Supplied material START
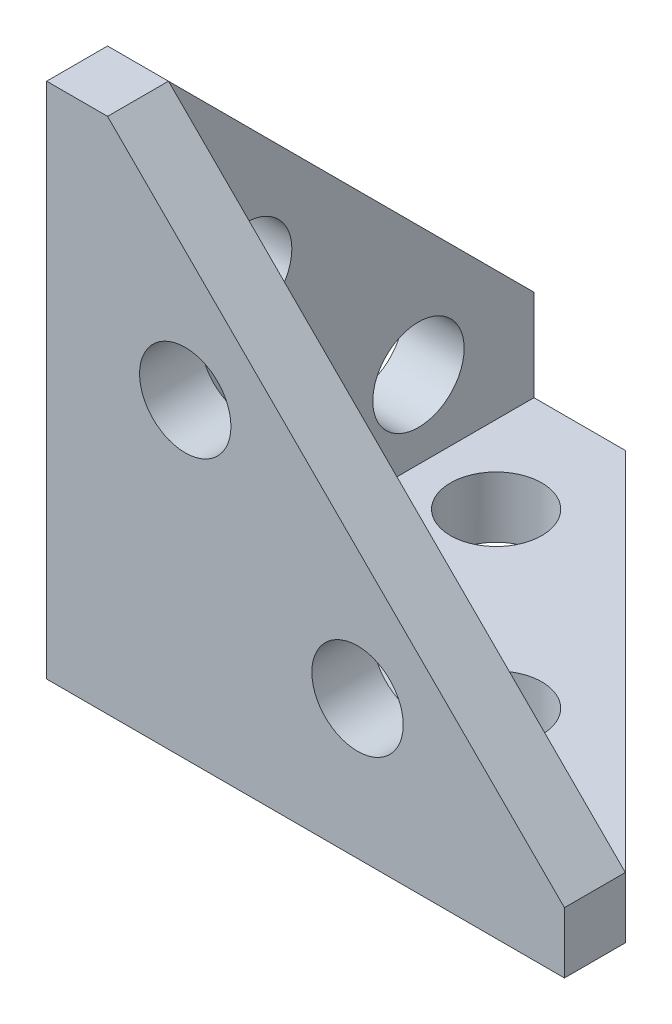
ISO-10303-21;
HEADER;
FILE_DESCRIPTION(('STEP AP214'),'2;1');
FILE_NAME('part.step','',(''),(''),'','','');
FILE_SCHEMA(('AUTOMOTIVE_DESIGN { 1 0 10303 214 1 1 1 1 }'));
ENDSEC;
DATA;
#1=APPLICATION_CONTEXT('core data for automotive mechanical design processes');
#2=APPLICATION_PROTOCOL_DEFINITION('international standard','automotive_design',2000,#1);
#3=PRODUCT_CONTEXT('',#1,'mechanical');
#4=PRODUCT('Part','Part','',(#3));
#5=PRODUCT_RELATED_PRODUCT_CATEGORY('part','',(#4));
#6=PRODUCT_DEFINITION_FORMATION('','',#4);
#7=PRODUCT_DEFINITION_CONTEXT('part definition',#1,'design');
#8=PRODUCT_DEFINITION('design','',#6,#7);
#9=PRODUCT_DEFINITION_SHAPE('','',#8);
#10=(LENGTH_UNIT() NAMED_UNIT(*) SI_UNIT(.MILLI.,.METRE.));
#11=(NAMED_UNIT(*) PLANE_ANGLE_UNIT() SI_UNIT($,.RADIAN.));
#12=(NAMED_UNIT(*) SI_UNIT($,.STERADIAN.) SOLID_ANGLE_UNIT());
#13=UNCERTAINTY_MEASURE_WITH_UNIT(LENGTH_MEASURE(1.E-05),#10,'distance_accuracy_value','');
#14=(GEOMETRIC_REPRESENTATION_CONTEXT(3) GLOBAL_UNCERTAINTY_ASSIGNED_CONTEXT((#13)) GLOBAL_UNIT_ASSIGNED_CONTEXT((#10,
#11,#12)) REPRESENTATION_CONTEXT('',''));
#15=CARTESIAN_POINT('',(0.,0.,0.));
#16=DIRECTION('',(0.,0.,1.));
#17=DIRECTION('',(1.,0.,0.));
#18=AXIS2_PLACEMENT_3D('',#15,#16,#17);
#19=CARTESIAN_POINT('',(0.,2.,-15.));
#20=DIRECTION('',(-0.707106781186547,0.,0.707106781186547));
#21=DIRECTION('',(0.707106781186548,0.,0.707106781186548));
#22=AXIS2_PLACEMENT_3D('',#19,#20,#21);
#23=PLANE('',#22);
#24=DIRECTION('',(0.,-1.,0.));
#25=VECTOR('',#24,1.);
#26=CARTESIAN_POINT('',(3.,2.,-12.));
#27=LINE('',#26,#25);
#28=CARTESIAN_POINT('',(3.,2.,-12.));
#29=VERTEX_POINT('',#28);
#30=CARTESIAN_POINT('',(3.,0.,-12.));
#31=VERTEX_POINT('',#30);
#32=EDGE_CURVE('E99',#29,#31,#27,.T.);
#33=ORIENTED_EDGE('',*,*,#32,.F.);
#34=DIRECTION('',(-0.707106781186547,0.,-0.707106781186547));
#35=VECTOR('',#34,1.);
#36=CARTESIAN_POINT('',(0.,2.,-15.));
#37=LINE('',#36,#35);
#38=CARTESIAN_POINT('',(15.,2.,0.));
#39=VERTEX_POINT('',#38);
#40=EDGE_CURVE('E142',#39,#29,#37,.T.);
#41=ORIENTED_EDGE('',*,*,#40,.F.);
#42=DIRECTION('',(0.,-1.,0.));
#43=VECTOR('',#42,1.);
#44=CARTESIAN_POINT('',(15.,2.,0.));
#45=LINE('',#44,#43);
#46=CARTESIAN_POINT('',(15.,0.,0.));
#47=VERTEX_POINT('',#46);
#48=EDGE_CURVE('E145',#39,#47,#45,.T.);
#49=ORIENTED_EDGE('',*,*,#48,.T.);
#50=DIRECTION('',(-0.707106781186547,0.,-0.707106781186547));
#51=VECTOR('',#50,1.);
#52=CARTESIAN_POINT('',(0.,0.,-15.));
#53=LINE('',#52,#51);
#54=EDGE_CURVE('E132',#47,#31,#53,.T.);
#55=ORIENTED_EDGE('',*,*,#54,.T.);
#56=EDGE_LOOP('',(#33,#41,#49,#55));
#57=FACE_BOUND('',#56,.T.);
#58=ADVANCED_FACE('F34',(#57),#23,.F.);
#59=CARTESIAN_POINT('',(0.,2.,0.));
#60=DIRECTION('',(0.,-1.,0.));
#61=DIRECTION('',(0.,0.,-1.));
#62=AXIS2_PLACEMENT_3D('',#59,#60,#61);
#63=PLANE('',#62);
#64=CARTESIAN_POINT('',(2.55025253169417,2.,-8.20710678118655));
#65=DIRECTION('',(0.,1.,0.));
#66=DIRECTION('',(0.,0.,1.));
#67=AXIS2_PLACEMENT_3D('',#64,#65,#66);
#68=CIRCLE('',#67,1.5);
#69=CARTESIAN_POINT('',(2.55025253169417,2.,-6.70710678118655));
#70=VERTEX_POINT('',#69);
#71=EDGE_CURVE('E172',#70,#70,#68,.T.);
#72=ORIENTED_EDGE('',*,*,#71,.F.);
#73=EDGE_LOOP('',(#72));
#74=FACE_BOUND('',#73,.T.);
#75=CARTESIAN_POINT('',(8.20710678118655,2.,-2.55025253169417));
#76=DIRECTION('',(0.,1.,0.));
#77=DIRECTION('',(0.,0.,1.));
#78=AXIS2_PLACEMENT_3D('',#75,#76,#77);
#79=CIRCLE('',#78,1.5);
#80=CARTESIAN_POINT('',(8.20710678118655,2.,-1.05025253169417));
#81=VERTEX_POINT('',#80);
#82=EDGE_CURVE('E175',#81,#81,#79,.T.);
#83=ORIENTED_EDGE('',*,*,#82,.F.);
#84=EDGE_LOOP('',(#83));
#85=FACE_BOUND('',#84,.T.);
#86=DIRECTION('',(1.,0.,0.));
#87=VECTOR('',#86,1.);
#88=CARTESIAN_POINT('',(0.,2.,-12.));
#89=LINE('',#88,#87);
#90=CARTESIAN_POINT('',(0.,2.,-12.));
#91=VERTEX_POINT('',#90);
#92=EDGE_CURVE('E184',#91,#29,#89,.T.);
#93=ORIENTED_EDGE('',*,*,#92,.F.);
#94=DIRECTION('',(0.,0.,1.));
#95=VECTOR('',#94,1.);
#96=CARTESIAN_POINT('',(0.,2.,0.));
#97=LINE('',#96,#95);
#98=CARTESIAN_POINT('',(0.,2.,0.));
#99=VERTEX_POINT('',#98);
#100=EDGE_CURVE('E137',#91,#99,#97,.T.);
#101=ORIENTED_EDGE('',*,*,#100,.T.);
#102=DIRECTION('',(1.,0.,0.));
#103=VECTOR('',#102,1.);
#104=CARTESIAN_POINT('',(0.,2.,0.));
#105=LINE('',#104,#103);
#106=EDGE_CURVE('E139',#99,#39,#105,.T.);
#107=ORIENTED_EDGE('',*,*,#106,.T.);
#108=ORIENTED_EDGE('',*,*,#40,.T.);
#109=EDGE_LOOP('',(#93,#101,#107,#108));
#110=FACE_BOUND('',#109,.T.);
#111=ADVANCED_FACE('F221',(#74,#85,#110),#63,.F.);
#112=CARTESIAN_POINT('',(0.,0.,0.));
#113=DIRECTION('',(0.,-1.,0.));
#114=DIRECTION('',(0.,0.,-1.));
#115=AXIS2_PLACEMENT_3D('',#112,#113,#114);
#116=PLANE('',#115);
#117=CARTESIAN_POINT('',(8.20710678118655,0.,-2.55025253169417));
#118=DIRECTION('',(0.,-1.,0.));
#119=DIRECTION('',(0.,0.,-1.));
#120=AXIS2_PLACEMENT_3D('',#117,#118,#119);
#121=CIRCLE('',#120,1.5);
#122=CARTESIAN_POINT('',(8.20710678118655,0.,-4.05025253169417));
#123=VERTEX_POINT('',#122);
#124=EDGE_CURVE('E173',#123,#123,#121,.T.);
#125=ORIENTED_EDGE('',*,*,#124,.F.);
#126=EDGE_LOOP('',(#125));
#127=FACE_BOUND('',#126,.T.);
#128=CARTESIAN_POINT('',(2.55025253169417,0.,-8.20710678118655));
#129=DIRECTION('',(0.,-1.,0.));
#130=DIRECTION('',(0.,0.,-1.));
#131=AXIS2_PLACEMENT_3D('',#128,#129,#130);
#132=CIRCLE('',#131,1.5);
#133=CARTESIAN_POINT('',(2.55025253169417,0.,-9.70710678118655));
#134=VERTEX_POINT('',#133);
#135=EDGE_CURVE('E170',#134,#134,#132,.T.);
#136=ORIENTED_EDGE('',*,*,#135,.F.);
#137=EDGE_LOOP('',(#136));
#138=FACE_BOUND('',#137,.T.);
#139=DIRECTION('',(0.,0.,1.));
#140=VECTOR('',#139,1.);
#141=CARTESIAN_POINT('',(-2.,0.,-15.));
#142=LINE('',#141,#140);
#143=CARTESIAN_POINT('',(-2.,0.,-12.));
#144=VERTEX_POINT('',#143);
#145=CARTESIAN_POINT('',(-2.,0.,2.));
#146=VERTEX_POINT('',#145);
#147=EDGE_CURVE('E108',#144,#146,#142,.T.);
#148=ORIENTED_EDGE('',*,*,#147,.F.);
#149=DIRECTION('',(-1.,0.,0.));
#150=VECTOR('',#149,1.);
#151=CARTESIAN_POINT('',(-2.,0.,-12.));
#152=LINE('',#151,#150);
#153=EDGE_CURVE('E96',#31,#144,#152,.T.);
#154=ORIENTED_EDGE('',*,*,#153,.F.);
#155=ORIENTED_EDGE('',*,*,#54,.F.);
#156=DIRECTION('',(0.,0.,-1.));
#157=VECTOR('',#156,1.);
#158=CARTESIAN_POINT('',(15.,0.,2.));
#159=LINE('',#158,#157);
#160=CARTESIAN_POINT('',(15.,0.,2.));
#161=VERTEX_POINT('',#160);
#162=EDGE_CURVE('E119',#161,#47,#159,.T.);
#163=ORIENTED_EDGE('',*,*,#162,.F.);
#164=DIRECTION('',(1.,0.,0.));
#165=VECTOR('',#164,1.);
#166=CARTESIAN_POINT('',(-2.,0.,2.));
#167=LINE('',#166,#165);
#168=EDGE_CURVE('E116',#146,#161,#167,.T.);
#169=ORIENTED_EDGE('',*,*,#168,.F.);
#170=EDGE_LOOP('',(#148,#154,#155,#163,#169));
#171=FACE_BOUND('',#170,.T.);
#172=ADVANCED_FACE('F113',(#127,#138,#171),#116,.T.);
#173=CARTESIAN_POINT('',(0.,0.,-15.));
#174=DIRECTION('',(1.,0.,0.));
#175=DIRECTION('',(0.,0.,-1.));
#176=AXIS2_PLACEMENT_3D('',#173,#174,#175);
#177=PLANE('',#176);
#178=CARTESIAN_POINT('',(0.,4.55025253169417,-8.20710678118655));
#179=DIRECTION('',(1.,0.,0.));
#180=DIRECTION('',(0.,0.,-1.));
#181=AXIS2_PLACEMENT_3D('',#178,#179,#180);
#182=CIRCLE('',#181,1.5);
#183=CARTESIAN_POINT('',(0.,4.55025253169417,-9.70710678118655));
#184=VERTEX_POINT('',#183);
#185=EDGE_CURVE('E161',#184,#184,#182,.T.);
#186=ORIENTED_EDGE('',*,*,#185,.F.);
#187=EDGE_LOOP('',(#186));
#188=FACE_BOUND('',#187,.T.);
#189=CARTESIAN_POINT('',(0.,10.2071067811865,-2.55025253169417));
#190=DIRECTION('',(1.,0.,0.));
#191=DIRECTION('',(0.,0.,-1.));
#192=AXIS2_PLACEMENT_3D('',#189,#190,#191);
#193=CIRCLE('',#192,1.5);
#194=CARTESIAN_POINT('',(0.,10.2071067811865,-4.05025253169417));
#195=VERTEX_POINT('',#194);
#196=EDGE_CURVE('E157',#195,#195,#193,.T.);
#197=ORIENTED_EDGE('',*,*,#196,.F.);
#198=EDGE_LOOP('',(#197));
#199=FACE_BOUND('',#198,.T.);
#200=ORIENTED_EDGE('',*,*,#100,.F.);
#201=DIRECTION('',(0.,1.,0.));
#202=VECTOR('',#201,1.);
#203=CARTESIAN_POINT('',(0.,0.,-12.));
#204=LINE('',#203,#202);
#205=CARTESIAN_POINT('',(0.,5.,-12.));
#206=VERTEX_POINT('',#205);
#207=EDGE_CURVE('E103',#91,#206,#204,.T.);
#208=ORIENTED_EDGE('',*,*,#207,.T.);
#209=DIRECTION('',(0.,-0.707106781186547,-0.707106781186547));
#210=VECTOR('',#209,1.);
#211=CARTESIAN_POINT('',(0.,2.,-15.));
#212=LINE('',#211,#210);
#213=CARTESIAN_POINT('',(0.,17.,0.));
#214=VERTEX_POINT('',#213);
#215=EDGE_CURVE('E201',#214,#206,#212,.T.);
#216=ORIENTED_EDGE('',*,*,#215,.F.);
#217=DIRECTION('',(0.,1.,0.));
#218=VECTOR('',#217,1.);
#219=CARTESIAN_POINT('',(0.,0.,0.));
#220=LINE('',#219,#218);
#221=EDGE_CURVE('E129',#99,#214,#220,.T.);
#222=ORIENTED_EDGE('',*,*,#221,.F.);
#223=EDGE_LOOP('',(#200,#208,#216,#222));
#224=FACE_BOUND('',#223,.T.);
#225=ADVANCED_FACE('F229',(#188,#199,#224),#177,.T.);
#226=CARTESIAN_POINT('',(-2.,0.,-15.));
#227=DIRECTION('',(-1.,0.,0.));
#228=DIRECTION('',(0.,0.,1.));
#229=AXIS2_PLACEMENT_3D('',#226,#227,#228);
#230=PLANE('',#229);
#231=CARTESIAN_POINT('',(-2.,4.55025253169417,-8.20710678118655));
#232=DIRECTION('',(-1.,0.,0.));
#233=DIRECTION('',(0.,0.,1.));
#234=AXIS2_PLACEMENT_3D('',#231,#232,#233);
#235=CIRCLE('',#234,1.5);
#236=CARTESIAN_POINT('',(-2.,4.55025253169417,-6.70710678118655));
#237=VERTEX_POINT('',#236);
#238=EDGE_CURVE('E158',#237,#237,#235,.T.);
#239=ORIENTED_EDGE('',*,*,#238,.F.);
#240=EDGE_LOOP('',(#239));
#241=FACE_BOUND('',#240,.T.);
#242=CARTESIAN_POINT('',(-2.,10.2071067811865,-2.55025253169417));
#243=DIRECTION('',(-1.,0.,0.));
#244=DIRECTION('',(0.,0.,1.));
#245=AXIS2_PLACEMENT_3D('',#242,#243,#244);
#246=CIRCLE('',#245,1.5);
#247=CARTESIAN_POINT('',(-2.,10.2071067811865,-1.05025253169417));
#248=VERTEX_POINT('',#247);
#249=EDGE_CURVE('E153',#248,#248,#246,.T.);
#250=ORIENTED_EDGE('',*,*,#249,.F.);
#251=EDGE_LOOP('',(#250));
#252=FACE_BOUND('',#251,.T.);
#253=DIRECTION('',(0.,0.707106781186548,0.707106781186548));
#254=VECTOR('',#253,1.);
#255=CARTESIAN_POINT('',(-2.,1.,-16.));
#256=LINE('',#255,#254);
#257=CARTESIAN_POINT('',(-2.,5.,-12.));
#258=VERTEX_POINT('',#257);
#259=CARTESIAN_POINT('',(-2.,17.,0.));
#260=VERTEX_POINT('',#259);
#261=EDGE_CURVE('E54',#258,#260,#256,.T.);
#262=ORIENTED_EDGE('',*,*,#261,.F.);
#263=DIRECTION('',(0.,1.,0.));
#264=VECTOR('',#263,1.);
#265=CARTESIAN_POINT('',(-2.,0.,-12.));
#266=LINE('',#265,#264);
#267=EDGE_CURVE('E47',#144,#258,#266,.T.);
#268=ORIENTED_EDGE('',*,*,#267,.F.);
#269=ORIENTED_EDGE('',*,*,#147,.T.);
#270=DIRECTION('',(0.,1.,0.));
#271=VECTOR('',#270,1.);
#272=CARTESIAN_POINT('',(-2.,0.,2.));
#273=LINE('',#272,#271);
#274=CARTESIAN_POINT('',(-2.,17.,2.));
#275=VERTEX_POINT('',#274);
#276=EDGE_CURVE('E128',#146,#275,#273,.T.);
#277=ORIENTED_EDGE('',*,*,#276,.T.);
#278=DIRECTION('',(0.,0.,1.));
#279=VECTOR('',#278,1.);
#280=CARTESIAN_POINT('',(-2.,17.,-15.));
#281=LINE('',#280,#279);
#282=EDGE_CURVE('E122',#260,#275,#281,.T.);
#283=ORIENTED_EDGE('',*,*,#282,.F.);
#284=EDGE_LOOP('',(#262,#268,#269,#277,#283));
#285=FACE_BOUND('',#284,.T.);
#286=ADVANCED_FACE('F106',(#241,#252,#285),#230,.T.);
#287=CARTESIAN_POINT('',(-15.,2.,-15.));
#288=DIRECTION('',(0.,-0.707106781186547,0.707106781186547));
#289=DIRECTION('',(0.,-0.707106781186548,-0.707106781186548));
#290=AXIS2_PLACEMENT_3D('',#287,#288,#289);
#291=PLANE('',#290);
#292=DIRECTION('',(1.,0.,0.));
#293=VECTOR('',#292,1.);
#294=CARTESIAN_POINT('',(-15.,5.,-12.));
#295=LINE('',#294,#293);
#296=EDGE_CURVE('E11',#258,#206,#295,.T.);
#297=ORIENTED_EDGE('',*,*,#296,.F.);
#298=ORIENTED_EDGE('',*,*,#261,.T.);
#299=DIRECTION('',(-1.,0.,0.));
#300=VECTOR('',#299,1.);
#301=CARTESIAN_POINT('',(0.,17.,0.));
#302=LINE('',#301,#300);
#303=EDGE_CURVE('E149',#214,#260,#302,.T.);
#304=ORIENTED_EDGE('',*,*,#303,.F.);
#305=ORIENTED_EDGE('',*,*,#215,.T.);
#306=EDGE_LOOP('',(#297,#298,#304,#305));
#307=FACE_BOUND('',#306,.T.);
#308=ADVANCED_FACE('F231',(#307),#291,.F.);
#309=CARTESIAN_POINT('',(15.,0.,0.));
#310=DIRECTION('',(0.,0.,-1.));
#311=DIRECTION('',(-1.,0.,0.));
#312=AXIS2_PLACEMENT_3D('',#309,#310,#311);
#313=PLANE('',#312);
#314=CARTESIAN_POINT('',(8.20710678118655,4.55025253169417,0.));
#315=DIRECTION('',(0.,0.,-1.));
#316=DIRECTION('',(-1.,0.,0.));
#317=AXIS2_PLACEMENT_3D('',#314,#315,#316);
#318=CIRCLE('',#317,1.5);
#319=CARTESIAN_POINT('',(6.70710678118655,4.55025253169417,0.));
#320=VERTEX_POINT('',#319);
#321=EDGE_CURVE('E169',#320,#320,#318,.T.);
#322=ORIENTED_EDGE('',*,*,#321,.F.);
#323=EDGE_LOOP('',(#322));
#324=FACE_BOUND('',#323,.T.);
#325=CARTESIAN_POINT('',(2.55025253169417,10.2071067811865,0.));
#326=DIRECTION('',(0.,0.,-1.));
#327=DIRECTION('',(-1.,0.,0.));
#328=AXIS2_PLACEMENT_3D('',#325,#326,#327);
#329=CIRCLE('',#328,1.5);
#330=CARTESIAN_POINT('',(1.05025253169417,10.2071067811865,0.));
#331=VERTEX_POINT('',#330);
#332=EDGE_CURVE('E165',#331,#331,#329,.T.);
#333=ORIENTED_EDGE('',*,*,#332,.F.);
#334=EDGE_LOOP('',(#333));
#335=FACE_BOUND('',#334,.T.);
#336=DIRECTION('',(-0.707106781186547,0.707106781186547,0.));
#337=VECTOR('',#336,1.);
#338=CARTESIAN_POINT('',(0.,17.,0.));
#339=LINE('',#338,#337);
#340=EDGE_CURVE('E156',#39,#214,#339,.T.);
#341=ORIENTED_EDGE('',*,*,#340,.F.);
#342=ORIENTED_EDGE('',*,*,#106,.F.);
#343=ORIENTED_EDGE('',*,*,#221,.T.);
#344=EDGE_LOOP('',(#341,#342,#343));
#345=FACE_BOUND('',#344,.T.);
#346=ADVANCED_FACE('F226',(#324,#335,#345),#313,.T.);
#347=CARTESIAN_POINT('',(15.,0.,2.));
#348=DIRECTION('',(1.,0.,0.));
#349=DIRECTION('',(0.,0.,-1.));
#350=AXIS2_PLACEMENT_3D('',#347,#348,#349);
#351=PLANE('',#350);
#352=DIRECTION('',(0.,0.,-1.));
#353=VECTOR('',#352,1.);
#354=CARTESIAN_POINT('',(15.,2.,15.));
#355=LINE('',#354,#353);
#356=CARTESIAN_POINT('',(15.,2.,2.));
#357=VERTEX_POINT('',#356);
#358=EDGE_CURVE('E197',#357,#39,#355,.T.);
#359=ORIENTED_EDGE('',*,*,#358,.F.);
#360=DIRECTION('',(0.,1.,0.));
#361=VECTOR('',#360,1.);
#362=CARTESIAN_POINT('',(15.,0.,2.));
#363=LINE('',#362,#361);
#364=EDGE_CURVE('E133',#161,#357,#363,.T.);
#365=ORIENTED_EDGE('',*,*,#364,.F.);
#366=ORIENTED_EDGE('',*,*,#162,.T.);
#367=ORIENTED_EDGE('',*,*,#48,.F.);
#368=EDGE_LOOP('',(#359,#365,#366,#367));
#369=FACE_BOUND('',#368,.T.);
#370=ADVANCED_FACE('F216',(#369),#351,.T.);
#371=CARTESIAN_POINT('',(-2.,0.,2.));
#372=DIRECTION('',(0.,0.,1.));
#373=DIRECTION('',(1.,0.,0.));
#374=AXIS2_PLACEMENT_3D('',#371,#372,#373);
#375=PLANE('',#374);
#376=CARTESIAN_POINT('',(8.20710678118655,4.55025253169417,2.));
#377=DIRECTION('',(0.,0.,1.));
#378=DIRECTION('',(1.,0.,0.));
#379=AXIS2_PLACEMENT_3D('',#376,#377,#378);
#380=CIRCLE('',#379,1.5);
#381=CARTESIAN_POINT('',(9.70710678118655,4.55025253169417,2.));
#382=VERTEX_POINT('',#381);
#383=EDGE_CURVE('E166',#382,#382,#380,.T.);
#384=ORIENTED_EDGE('',*,*,#383,.F.);
#385=EDGE_LOOP('',(#384));
#386=FACE_BOUND('',#385,.T.);
#387=CARTESIAN_POINT('',(2.55025253169417,10.2071067811865,2.));
#388=DIRECTION('',(0.,0.,1.));
#389=DIRECTION('',(1.,0.,0.));
#390=AXIS2_PLACEMENT_3D('',#387,#388,#389);
#391=CIRCLE('',#390,1.5);
#392=CARTESIAN_POINT('',(4.05025253169417,10.2071067811865,2.));
#393=VERTEX_POINT('',#392);
#394=EDGE_CURVE('E162',#393,#393,#391,.T.);
#395=ORIENTED_EDGE('',*,*,#394,.F.);
#396=EDGE_LOOP('',(#395));
#397=FACE_BOUND('',#396,.T.);
#398=DIRECTION('',(0.707106781186548,-0.707106781186548,0.));
#399=VECTOR('',#398,1.);
#400=CARTESIAN_POINT('',(7.5,9.5,2.));
#401=LINE('',#400,#399);
#402=CARTESIAN_POINT('',(0.,17.,2.));
#403=VERTEX_POINT('',#402);
#404=EDGE_CURVE('E199',#403,#357,#401,.T.);
#405=ORIENTED_EDGE('',*,*,#404,.F.);
#406=DIRECTION('',(1.,0.,0.));
#407=VECTOR('',#406,1.);
#408=CARTESIAN_POINT('',(-2.,17.,2.));
#409=LINE('',#408,#407);
#410=EDGE_CURVE('E117',#275,#403,#409,.T.);
#411=ORIENTED_EDGE('',*,*,#410,.F.);
#412=ORIENTED_EDGE('',*,*,#276,.F.);
#413=ORIENTED_EDGE('',*,*,#168,.T.);
#414=ORIENTED_EDGE('',*,*,#364,.T.);
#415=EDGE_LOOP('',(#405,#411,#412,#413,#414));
Supplied material END
> [Work task] Reproduce exactly the section above that begins at the line containing "#359=ORIENTED_EDGE('',*,*,#358,.F.);" and ends at the line containing "#378=DIRECTION('',(1.,0.,0.));", leaving out all other lines.

> [Exercise answer]
#359=ORIENTED_EDGE('',*,*,#358,.F.);
#360=DIRECTION('',(0.,1.,0.));
#361=VECTOR('',#360,1.);
#362=CARTESIAN_POINT('',(15.,0.,2.));
#363=LINE('',#362,#361);
#364=EDGE_CURVE('E133',#161,#357,#363,.T.);
#365=ORIENTED_EDGE('',*,*,#364,.F.);
#366=ORIENTED_EDGE('',*,*,#162,.T.);
#367=ORIENTED_EDGE('',*,*,#48,.F.);
#368=EDGE_LOOP('',(#359,#365,#366,#367));
#369=FACE_BOUND('',#368,.T.);
#370=ADVANCED_FACE('F216',(#369),#351,.T.);
#371=CARTESIAN_POINT('',(-2.,0.,2.));
#372=DIRECTION('',(0.,0.,1.));
#373=DIRECTION('',(1.,0.,0.));
#374=AXIS2_PLACEMENT_3D('',#371,#372,#373);
#375=PLANE('',#374);
#376=CARTESIAN_POINT('',(8.20710678118655,4.55025253169417,2.));
#377=DIRECTION('',(0.,0.,1.));
#378=DIRECTION('',(1.,0.,0.));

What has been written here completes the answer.